The kitchen is a disaster of cups and crumbs.
Natasha sits on the counter eating leftover cake straight from the platter.
She glances at your clasped hands.
“Finally.”
You choke.
Bucky sighs. “You too?”
“Please. Everyone knew.”
“I didn’t,” you say weakly.
Natasha points her fork at you. “That sounds like a personal problem.”
She hops down, pats Bucky’s shoulder, kisses your cheek, and leaves with the cake.
You stare after her.
“Everyone knew?”
Bucky looks deeply offended. “Apparently not everyone.”
“I hate this place.”
“No, you don’t.”
“No,” you admit. “I really don’t.”
Later, outside on the balcony, the night air cool against flushed skin, you stand wrapped in one of Bucky’s jackets while city lights blink far beyond the trees.
He leans on the railing beside you.
Peaceful.
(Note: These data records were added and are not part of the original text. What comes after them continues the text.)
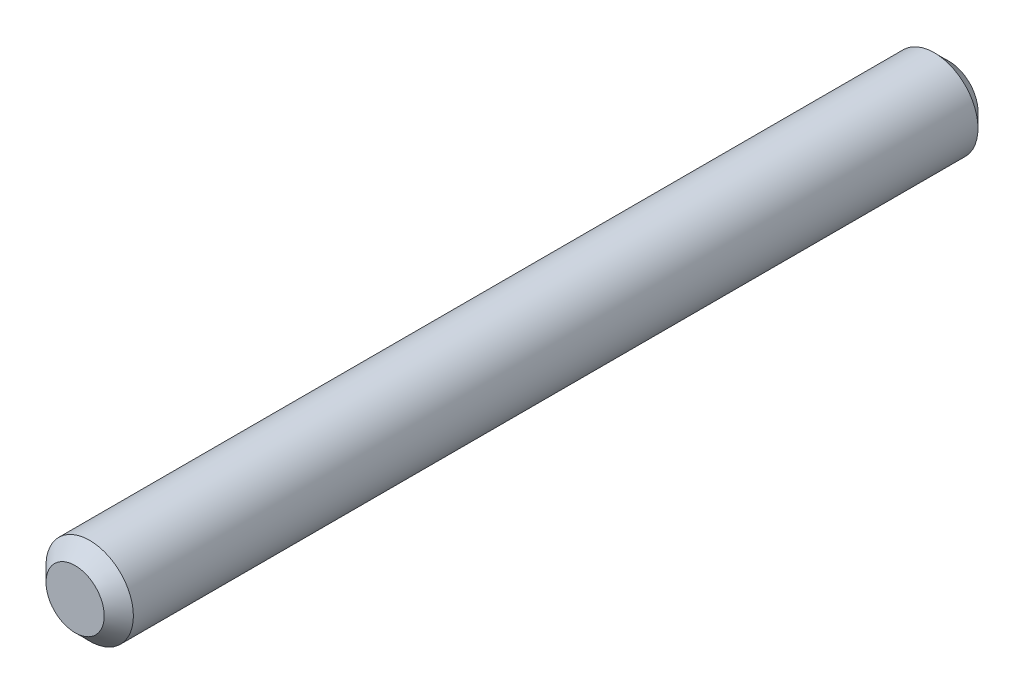
ISO-10303-21;
HEADER;
FILE_DESCRIPTION(('STEP AP214'),'2;1');
FILE_NAME('part.step','',(''),(''),'','','');
FILE_SCHEMA(('AUTOMOTIVE_DESIGN { 1 0 10303 214 1 1 1 1 }'));
ENDSEC;
DATA;
#1=APPLICATION_CONTEXT('core data for automotive mechanical design processes');
#2=APPLICATION_PROTOCOL_DEFINITION('international standard','automotive_design',2000,#1);
#3=PRODUCT_CONTEXT('',#1,'mechanical');
#4=PRODUCT('Part','Part','',(#3));
#5=PRODUCT_RELATED_PRODUCT_CATEGORY('part','',(#4));
#6=PRODUCT_DEFINITION_FORMATION('','',#4);
#7=PRODUCT_DEFINITION_CONTEXT('part definition',#1,'design');
#8=PRODUCT_DEFINITION('design','',#6,#7);
#9=PRODUCT_DEFINITION_SHAPE('','',#8);
#10=(LENGTH_UNIT() NAMED_UNIT(*) SI_UNIT(.MILLI.,.METRE.));
#11=(NAMED_UNIT(*) PLANE_ANGLE_UNIT() SI_UNIT($,.RADIAN.));
#12=(NAMED_UNIT(*) SI_UNIT($,.STERADIAN.) SOLID_ANGLE_UNIT());
#13=UNCERTAINTY_MEASURE_WITH_UNIT(LENGTH_MEASURE(1.E-05),#10,'distance_accuracy_value','');
#14=(GEOMETRIC_REPRESENTATION_CONTEXT(3) GLOBAL_UNCERTAINTY_ASSIGNED_CONTEXT((#13)) GLOBAL_UNIT_ASSIGNED_CONTEXT((#10,
#11,#12)) REPRESENTATION_CONTEXT('',''));
#15=CARTESIAN_POINT('',(0.,0.,0.));
#16=DIRECTION('',(0.,0.,1.));
#17=DIRECTION('',(1.,0.,0.));
#18=AXIS2_PLACEMENT_3D('',#15,#16,#17);
#19=CARTESIAN_POINT('',(0.,0.,30.));
#20=DIRECTION('',(0.,0.,-1.));
#21=DIRECTION('',(-1.,0.,0.));
#22=AXIS2_PLACEMENT_3D('',#19,#20,#21);
#23=CYLINDRICAL_SURFACE('',#22,3.);
#24=CARTESIAN_POINT('',(0.,0.,-29.));
#25=DIRECTION('',(0.,0.,1.));
#26=DIRECTION('',(1.,0.,0.));
#27=AXIS2_PLACEMENT_3D('',#24,#25,#26);
#28=CIRCLE('',#27,3.);
#29=CARTESIAN_POINT('',(3.,0.,-29.));
#30=VERTEX_POINT('',#29);
#31=EDGE_CURVE('E53',#30,#30,#28,.T.);
#32=ORIENTED_EDGE('',*,*,#31,.T.);
#33=EDGE_LOOP('',(#32));
#34=FACE_BOUND('',#33,.T.);
#35=CARTESIAN_POINT('',(0.,0.,29.));
#36=DIRECTION('',(0.,0.,1.));
#37=DIRECTION('',(1.,0.,0.));
#38=AXIS2_PLACEMENT_3D('',#35,#36,#37);
#39=CIRCLE('',#38,3.);
#40=CARTESIAN_POINT('',(3.,0.,29.));
#41=VERTEX_POINT('',#40);
#42=EDGE_CURVE('E59',#41,#41,#39,.F.);
#43=ORIENTED_EDGE('',*,*,#42,.T.);
#44=EDGE_LOOP('',(#43));
#45=FACE_BOUND('',#44,.T.);
#46=ADVANCED_FACE('F44',(#34,#45),#23,.T.);
#47=CARTESIAN_POINT('',(0.,0.,30.));
#48=DIRECTION('',(0.,0.,1.));
#49=DIRECTION('',(1.,0.,0.));
#50=AXIS2_PLACEMENT_3D('',#47,#48,#49);
#51=PLANE('',#50);
#52=CARTESIAN_POINT('',(0.,0.,30.));
#53=DIRECTION('',(0.,0.,1.));
#54=DIRECTION('',(1.,0.,0.));
#55=AXIS2_PLACEMENT_3D('',#52,#53,#54);
#56=CIRCLE('',#55,1.99999999999999);
#57=CARTESIAN_POINT('',(1.99999999999999,0.,30.));
#58=VERTEX_POINT('',#57);
#59=EDGE_CURVE('E65',#58,#58,#56,.T.);
#60=ORIENTED_EDGE('',*,*,#59,.T.);
#61=EDGE_LOOP('',(#60));
#62=FACE_BOUND('',#61,.T.);
#63=ADVANCED_FACE('F73',(#62),#51,.T.);
#64=CARTESIAN_POINT('',(0.,0.,-30.));
#65=DIRECTION('',(0.,0.,1.));
#66=DIRECTION('',(1.,0.,0.));
#67=AXIS2_PLACEMENT_3D('',#64,#65,#66);
#68=PLANE('',#67);
#69=CARTESIAN_POINT('',(0.,0.,-30.));
#70=DIRECTION('',(0.,0.,1.));
#71=DIRECTION('',(1.,0.,0.));
#72=AXIS2_PLACEMENT_3D('',#69,#70,#71);
#73=CIRCLE('',#72,2.);
#74=CARTESIAN_POINT('',(2.,0.,-30.));
#75=VERTEX_POINT('',#74);
#76=EDGE_CURVE('E10',#75,#75,#73,.F.);
#77=ORIENTED_EDGE('',*,*,#76,.T.);
#78=EDGE_LOOP('',(#77));
#79=FACE_BOUND('',#78,.T.);
#80=ADVANCED_FACE('F77',(#79),#68,.F.);
#81=CARTESIAN_POINT('',(0.,0.,30.));
#82=DIRECTION('',(0.,0.,-1.));
#83=DIRECTION('',(-1.,0.,0.));
#84=AXIS2_PLACEMENT_3D('',#81,#82,#83);
#85=CONICAL_SURFACE('',#84,1.99999999999999,0.785398163397451);
#86=ORIENTED_EDGE('',*,*,#42,.F.);
#87=EDGE_LOOP('',(#86));
#88=FACE_BOUND('',#87,.T.);
#89=ORIENTED_EDGE('',*,*,#59,.F.);
#90=EDGE_LOOP('',(#89));
#91=FACE_BOUND('',#90,.T.);
#92=ADVANCED_FACE('F75',(#88,#91),#85,.T.);
#93=CARTESIAN_POINT('',(0.,0.,-29.));
#94=DIRECTION('',(0.,0.,1.));
#95=DIRECTION('',(1.,0.,0.));
#96=AXIS2_PLACEMENT_3D('',#93,#94,#95);
#97=CONICAL_SURFACE('',#96,3.,0.78539816339745);
#98=ORIENTED_EDGE('',*,*,#76,.F.);
#99=EDGE_LOOP('',(#98));
#100=FACE_BOUND('',#99,.T.);
#101=ORIENTED_EDGE('',*,*,#31,.F.);
#102=EDGE_LOOP('',(#101));
#103=FACE_BOUND('',#102,.T.);
#104=ADVANCED_FACE('F47',(#100,#103),#97,.T.);
#105=CLOSED_SHELL('',(#46,#63,#80,#92,#104));
#106=MANIFOLD_SOLID_BREP('B2',#105);
#107=ADVANCED_BREP_SHAPE_REPRESENTATION('',(#18,#106),#14);
#108=SHAPE_DEFINITION_REPRESENTATION(#9,#107);
ENDSEC;
END-ISO-10303-21;

Tired. Real.
“So,” he says after a while. “What happens now?”
You look at him.
The man who watched quietly. Waited quietly. Loved quietly until it nearly broke him.
“Now,” you say, stepping into his space, “we stop pretending.”
His breath catches the tiniest bit.
You kiss him first this time.
Slowly.
Carefully.
Meaning every second.
When you pull back, his forehead rests to yours again.
“Good plan,” he murmurs.
Inside, someone whoops loud enough to carry through the glass.
Sam, obviously.
You laugh.
Bucky rolls his eyes and kisses you once more.
And this one is meant for no one else at all.